It is therefore an object of the present invention to provide a photographic apparatus and method in which the time required for adjustments such as automatic focus control, automatic sensitivity control, or automatic white balance control is reduced so that more precise adjustments and more accurate adjustments can be achieved. Photorealistic images.

According to the present invention, for the adjustment by using the imaging device, only signals located within a predetermined detection area of the imaging device are read out. Therefore, the time required for the operation of reading out a single readout signal is reduced, thereby reducing the time required for adjustment as a whole, so that more precisely adjusted and more realistically photographed images can be realized.

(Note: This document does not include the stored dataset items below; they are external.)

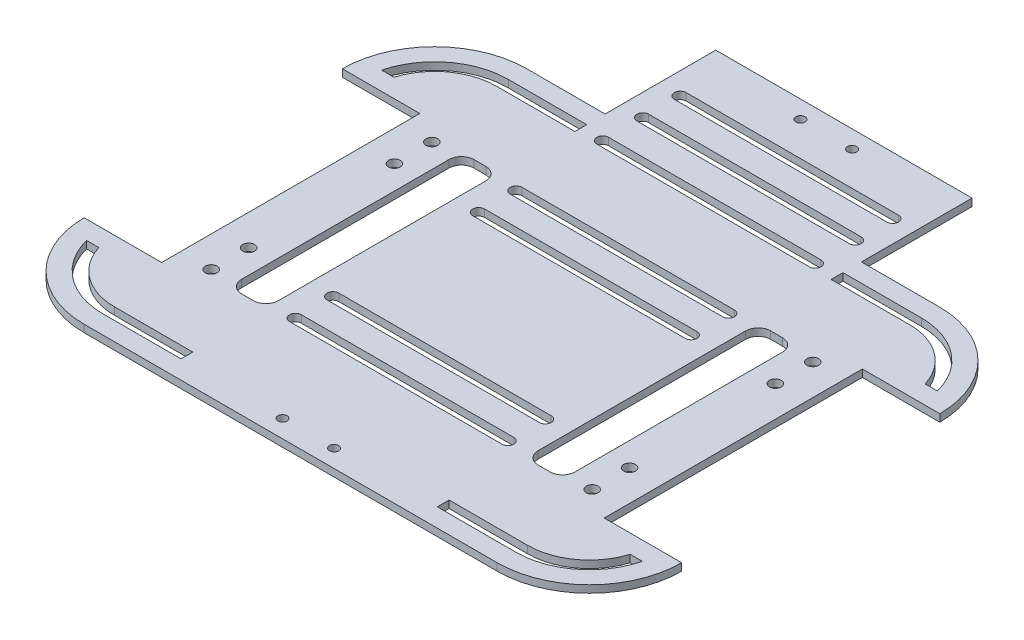
SolidWorks part; units mm, degrees
ref_plane "Front Plane" through (0, 0, 0) normal (0, 0, 1) x (1, 0, 0)
ref_plane "Top Plane" through (0, 0, 0) normal (0, 1, 0) x (1, 0, 0)
ref_plane "Right Plane" through (0, 0, 0) normal (1, 0, 0) x (0, 0, -1)
sketch "Sketch1" plane through (0, 0, 0) normal (0, 1, 0) x (1, 0, 0)
  line L0 (0, 0) -> (0, -79.375)
  line L1 (7.1438, -66.675) -> (-7.1437, -66.675)
  line L2 (50.8, 22.225) -> (76.2, 22.225)
  line L3 (-63.5, -47.625) -> (-50.8, -47.625)
  line L4 (-50.8, -47.625) -> (-50.8, 22.225)
  line L5 (63.5, -47.625) -> (50.8, -47.625)
  line L6 (50.8, -47.625) -> (50.8, 22.225)
  line L7 (-50.8, 22.225) -> (-76.2, 22.225)
  line L8 (0, 0) -> (-27.2811, 0)
  circle A0 centre (0, 0) radius 79.375
  circle A1 centre (-7.1437, -66.675) radius 1.5875
  circle A2 centre (7.1438, -66.675) radius 1.5875
  circle A3 centre (7.1438, 66.675) radius 1.5875
  circle A4 centre (-7.1437, 66.675) radius 1.5875
  point P7 (0, -66.675)
  dimension "D1" = 7.1437
  dimension "D3" = 50.8
  dimension "D6" = 3.175
  dimension "D2" = 12.7
  dimension "D4" = 69.85
  dimension "D5" = 47.625
extrude "Boss-Extrude5" add sketch "Sketch1" along normal blind 1.5875 contours A2 A0 L5 L6 L2 L7 L4 L3 A1 A3 region at (0, 0, -2.0947)
fillet "Fillet2" radius 2.54 1 edges at (-63.5, 0.7937, 47.625)
fillet "Fillet3" radius 2.54 1 edges at (63.5, 0.7937, 47.625)
fillet "Fillet4" radius 5.08 2 edges at (-76.2, 0.7937, -22.225) (76.2, 0.7937, -22.225)
sketch "Sketch2" plane through (0, 1.5875, 0) normal (0, 1, 0) x (1, 0, 0)
  line L0 (0, 0) -> (0, 79.375)
  line L1 (0, 0) -> (-67.0566, 0)
  line L2 (0, 0) -> (-61.0886, 27.6545)
  line L3 (0, 0) -> (-43.6778, 50.8806)
  line L4 (0, 0) -> (-63.2664, 22.225)
  line L5 (-50.8, 22.225) -> (-69.0955, 22.225) construction
  line L6 (0, 0) -> (0, 2.6153)
  line L7 (0, 0) -> (-39.0771, 54.4938)
  line L8 (0, 0) -> (-12.3858, 65.9028)
  line L9 (-62.5348, 28.3092) -> (-59.6424, 26.9998)
  line L10 (-43.6778, 50.8806) -> (-44.7118, 52.0852)
  line L11 (-43.6778, 50.8806) -> (-42.6438, 49.6761)
  line L12 (-39.0771, 54.4938) -> (-40.0022, 55.7839)
  line L13 (-39.0771, 54.4938) -> (-38.152, 53.2037)
  line L14 (-43.6778, 50.8806) -> (-42.6438, 49.6761)
  line L15 (-12.3858, 65.9028) -> (-12.0926, 64.3426)
  line L16 (-12.3858, 65.9028) -> (-12.679, 67.463)
  line L17 (61.5813, 22.225) -> (64.9466, 22.225)
  line L18 (50.8, 22.225) -> (69.0955, 22.225) construction
  line L19 (12.3858, 65.9028) -> (12.679, 67.463)
  line L20 (12.3858, 65.9028) -> (12.0926, 64.3426)
  line L21 (39.0771, 54.4938) -> (38.152, 53.2037)
  line L22 (43.6778, 50.8806) -> (42.6438, 49.6761)
  line L23 (39.0771, 54.4938) -> (40.0022, 55.7839)
  line L24 (43.6778, 50.8806) -> (42.6438, 49.6761)
  line L25 (43.6778, 50.8806) -> (44.7118, 52.0852)
  line L26 (62.5348, 28.3092) -> (59.6424, 26.9998)
  line L27 (-50.8, -41.2985) -> (-50.8, -43.7716)
  line L28 (-50.8, -47.625) -> (-50.8, 22.225) construction
  line L29 (50.8, -41.2985) -> (50.8, -46.1668)
  line L30 (50.8, -47.625) -> (50.8, 22.225) construction
  line L31 (39.0771, -54.4938) -> (40.0022, -55.7839)
  line L32 (39.0771, -54.4938) -> (38.152, -53.2037)
  line L33 (12.3858, -65.9028) -> (12.0926, -64.3426)
  line L34 (12.3858, -65.9028) -> (12.679, -67.463)
  line L35 (-12.3858, -65.9028) -> (-12.679, -67.463)
  line L36 (-12.3858, -65.9028) -> (-12.0926, -64.3426)
  line L37 (-39.0771, -54.4938) -> (-38.152, -53.2037)
  line L38 (-39.0771, -54.4938) -> (-40.0022, -55.7839)
  arc A0 (-63.2664, 22.225) -> (-50.8, -43.7716) centre (0, 0) ccw
  arc A1 (73.8199, 29.172) -> (-73.8199, 29.172) centre (0, 0) ccw construction
  circle A2 centre (-7.1437, 66.675) radius 2.3813
  circle A3 centre (7.1437, 66.675) radius 2.3813
  circle A4 centre (7.1437, -66.675) radius 2.3813
  circle A5 centre (-7.1437, -66.675) radius 2.3813
  arc A6 (12.679, -67.463) -> (40.0022, -55.7839) centre (0, 0) ccw
  arc A7 (-61.7686, 21.6988) -> (-50.8, -41.2985) centre (0, 0) ccw
  arc A8 (-44.7118, 52.0852) -> (-62.5348, 28.3092) centre (0, 0) ccw
  arc A9 (-42.6438, 49.6761) -> (-59.6424, 26.9998) centre (0, 0) ccw
  arc A10 (12.0926, 64.3426) -> (38.152, 53.2037) centre (0, 0) cw
  arc A11 (12.679, 67.463) -> (40.0022, 55.7839) centre (0, 0) cw
  arc A12 (42.6438, 49.6761) -> (59.6424, 26.9998) centre (0, 0) cw
  arc A13 (-12.679, 67.463) -> (-40.0022, 55.7839) centre (0, 0) ccw
  arc A14 (44.7118, 52.0852) -> (62.5348, 28.3092) centre (0, 0) cw
  arc A15 (-12.0926, 64.3426) -> (-38.152, 53.2037) centre (0, 0) ccw
  arc A16 (12.0926, -64.3426) -> (38.152, -53.2037) centre (0, 0) ccw
  arc A17 (-12.0926, -64.3426) -> (-38.152, -53.2037) centre (0, 0) cw
  arc A18 (50.8, -46.1668) -> (64.9466, 22.225) centre (0, 0) ccw
  arc A19 (50.8, -43.7716) -> (63.2664, 22.225) centre (0, 0) ccw
  arc A20 (50.8, -41.2985) -> (61.5813, 22.225) centre (0, 0) ccw
  arc A21 (-12.679, -67.463) -> (-40.0022, -55.7839) centre (0, 0) cw
  circle M13 centre (-7.1437, -66.675) radius 1.5875
  circle M14 centre (7.1438, -66.675) radius 1.5875
  circle M15 centre (7.1438, 66.675) radius 1.5875
  circle M16 centre (-7.1437, 66.675) radius 1.5875
  dimension "D2" = 4.7625
  dimension "D7" = 1.5875
  dimension "D8" = 3.175
  dimension "D1" = 5
  dimension "D3" = 25
  dimension "D4" = 5
  dimension "D5" = 25
extrude "Cut-Extrude1" cut sketch "Sketch2" against normal blind 2.54 contours A9 L3 L10 A8 L9 L2 | A15 L8 L16 A13 L12 L7 | A2 M16 | A3 M15 | A11 L19 L20 A10 L21 L23 | A14 L25 L22 A12 L26 | A21 L35 L36 A17 L37 L38 | A5 M13 | A4 M14 | A16 L33 L34 A6 L31 L32 region at (-53.2404, 1.5875, -39.9101) region at (-26.1525, 1.5875, -61.1833) region at (26.1525, 1.5875, -61.1833) region at (53.2404, 1.5875, -39.9101) region at (26.1525, 1.5875, 61.1833) region at (-26.1525, 1.5875, 61.1833) region at (-9.4576, 1.5875, -66.675) region at (4.8299, 1.5875, -66.675) region at (4.8299, 1.5875, 66.675) region at (-9.4576, 1.5875, 66.675)
sketch "Sketch3" plane through (0, 1.5875, 0) normal (0, 1, 0) x (1, 0, 0)
  line L0 (-50.8, 22.225) -> (-50.8, -47.625)
  line L1 (-50.8, -47.625) -> (-44.45, -47.625)
  line L2 (-50.8, 22.225) -> (-44.45, 22.225)
  line L3 (0, 0) -> (0, 32.9013)
  circle A0 centre (-44.45, -47.625) radius 1.5875
  circle A1 centre (-44.45, 22.225) radius 1.5875
  circle A2 centre (44.45, 22.225) radius 1.5875
  circle A3 centre (44.45, -47.625) radius 1.5875
  dimension "D2" = 3.175
  dimension "D4" = 3.175
  dimension "D1" = 6.35
  dimension "D3" = 6.35
extrude "Cut-Extrude2" cut sketch "Sketch3" against normal blind 2.54 contours A1 | A2 | A0 | A3 region at (-44.45, 1.5875, 46.0824) region at (-44.45, 1.5875, -23.7676) region at (44.45, 1.5875, -22.225) region at (44.45, 1.5875, 47.625)
sketch "Sketch4" plane through (0, 1.5875, 0) normal (0, 1, 0) x (1, 0, 0)
  line L0 (-44.45, -47.625) -> (-44.45, 22.225)
  line L1 (-44.45, 22.225) -> (-50.8, 22.225)
  line L2 (-50.8, -47.625) -> (-50.8, 22.225) construction
  line L3 (0, 0) -> (0, -67.5878)
  line L4 (44.45, -47.625) -> (44.45, 22.225)
  circle A0 centre (-44.45, 22.225) radius 1.5875
  circle A1 centre (-44.45, -12.7) radius 1.5875
  circle A2 centre (44.45, -12.7) radius 1.5875
  dimension "D2" = 3.175
  dimension "D1" = 69.85
extrude "Cut-Extrude3" cut sketch "Sketch4" against normal blind 2.54 contours L0 A1 | L0 A1 | A2 L4 | A2 L4 region at (-45.1238, 1.5875, 12.7) region at (-43.7762, 1.5875, 12.7) region at (43.7762, 1.5875, 12.7) region at (45.1238, 1.5875, 12.7)
sketch "Sketch5" plane through (0, 1.5875, 0) normal (0, 1, 0) x (1, 0, 0)
  line L0 (-50.8, -12.7) -> (-34.8, -12.7)
  line L1 (-50.8, -47.625) -> (-50.8, 22.225) construction
  line L2 (-50.8, 22.225) -> (-34.8, 22.225)
  line L3 (-34.8, 22.225) -> (-34.8, -12.7)
  line L4 (0, 0) -> (0, 64.5379)
  line L5 (-34.8, 22.225) -> (-19.8, 22.225)
  line L6 (-19.8, 22.225) -> (-19.8, -12.7)
  line L7 (-19.8, -12.7) -> (-34.8, -12.7)
  line L8 (19.8, -12.7) -> (34.8, -12.7)
  line L9 (19.8, 22.225) -> (19.8, -12.7)
  line L10 (34.8, 22.225) -> (19.8, 22.225)
  line L11 (34.8, 22.225) -> (34.8, -12.7)
  dimension "D1" = 16
  dimension "D2" = 16
extrude "Cut-Extrude4" cut sketch "Sketch5" against normal through all contours L7 L6 L5 L3 | L11 L10 L9 L8 region at (-27.3, 1.5875, -4.7625) region at (27.3, 1.5875, -4.7625)
fillet "Fillet5" radius 7.62 4 edges at (-19.8, 0.7937, 12.7) (-34.8, 0.7937, 12.7) (-19.8, 0.7937, -22.225) (-34.8, 0.7937, -22.225)
fillet "Fillet6" radius 7.62 4 edges at (34.8, 0.7937, 12.7) (34.8, 0.7937, -22.225) (19.8, 0.7937, -22.225) (19.8, 0.7937, 12.7)
sketch "Sketch6" plane through (0, 0, 0) normal (0, -1, 0) x (-1, 0, 0)
  circle A0 centre (0, 0) radius 79.375
extrude "Cut-Extrude5" cut sketch "Sketch6" against normal blind 0.5875
sketch "Sketch8" plane through (0, 1.5875, 0) normal (0, 1, 0) x (1, 0, 0)
  line L0 (-50.8, 22.225) -> (-50.8, 24.225)
  line L1 (-50.8, 24.225) -> (-80.2365, 24.225)
  line L2 (0, 0) -> (0, 19.3161)
  line L3 (0, 0) -> (-9.6505, 0)
  line L4 (50.8, 24.225) -> (80.2365, 24.225)
  line L5 (50.8, 22.225) -> (50.8, 24.225)
  line L6 (-50.8, -47.625) -> (-50.8, -49.625)
  line L7 (-50.8, -49.625) -> (-75.4506, -49.625)
  line L8 (50.8, -49.625) -> (75.4506, -49.625)
  line L9 (50.8, -47.625) -> (50.8, -49.625)
  line L10 (-50.8, -47.625) -> (-75.4506, -47.625)
  line L11 (-75.4506, -47.625) -> (-75.4506, -49.625)
  line L12 (50.8, -47.625) -> (75.4506, -47.625)
  line L13 (75.4506, -49.625) -> (75.4506, -47.625)
  line L14 (50.8, 22.225) -> (80.2365, 22.225)
  line L15 (80.2365, 22.225) -> (80.2365, 24.225)
  line L16 (-50.8, 22.225) -> (-80.2365, 22.225)
  line L17 (-80.2365, 22.225) -> (-80.2365, 24.225)
extrude "Cut-Extrude6" cut sketch "Sketch8" against normal blind 2.54 contours L10 L11 L7 L6 | L8 L13 L12 L9 | L14 L15 L4 L5 | L1 L17 L16 L0 region at (65.5183, 1.5875, -23.225) region at (-63.1253, 1.5875, 48.625) region at (63.1253, 1.5875, 48.625)
fillet "Fillet7" radius 2.54 4 edges at (-60.6806, 1.0875, 49.625) (60.6806, 1.0875, 49.625) (73.1353, 1.0875, -24.225) (-73.1353, 1.0875, -24.225)
sketch "Sketch11" plane through (0, 1.5875, 0) normal (0, 1, 0) x (1, 0, 0)
  line L1 (-11.0583, 60.7829) -> (11.2037, 60.7829)
  line L2 (-11.0583, 60.7829) -> (-11.0583, 72.1091)
  line L3 (-11.0583, 72.1091) -> (11.2037, 72.1091)
  line L4 (11.2037, 60.7829) -> (11.2037, 72.1091)
  line L5 (-11.0583, -61.658) -> (11.2037, -61.658)
  line L6 (-11.0583, -61.658) -> (-11.0583, -72.2032)
  line L7 (-11.0583, -72.2032) -> (11.2037, -72.2032)
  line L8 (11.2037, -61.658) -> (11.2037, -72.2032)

In one aspect of the present invention, a photographing device for photographing a still image includes: a scanning imaging device for generating an image signal; and a control unit for adjusting still image. The control unit defines a detection area on the imaging device, and only reads out image signals within the detection area from the imaging device. The still image is then adjusted prior to photography using the read image signal. Therefore, the time required for a single readout operation of the signal is reduced, thereby reducing the time required for adjustment as a whole, so that more precisely adjusted and more realistically photographed images can be achieved.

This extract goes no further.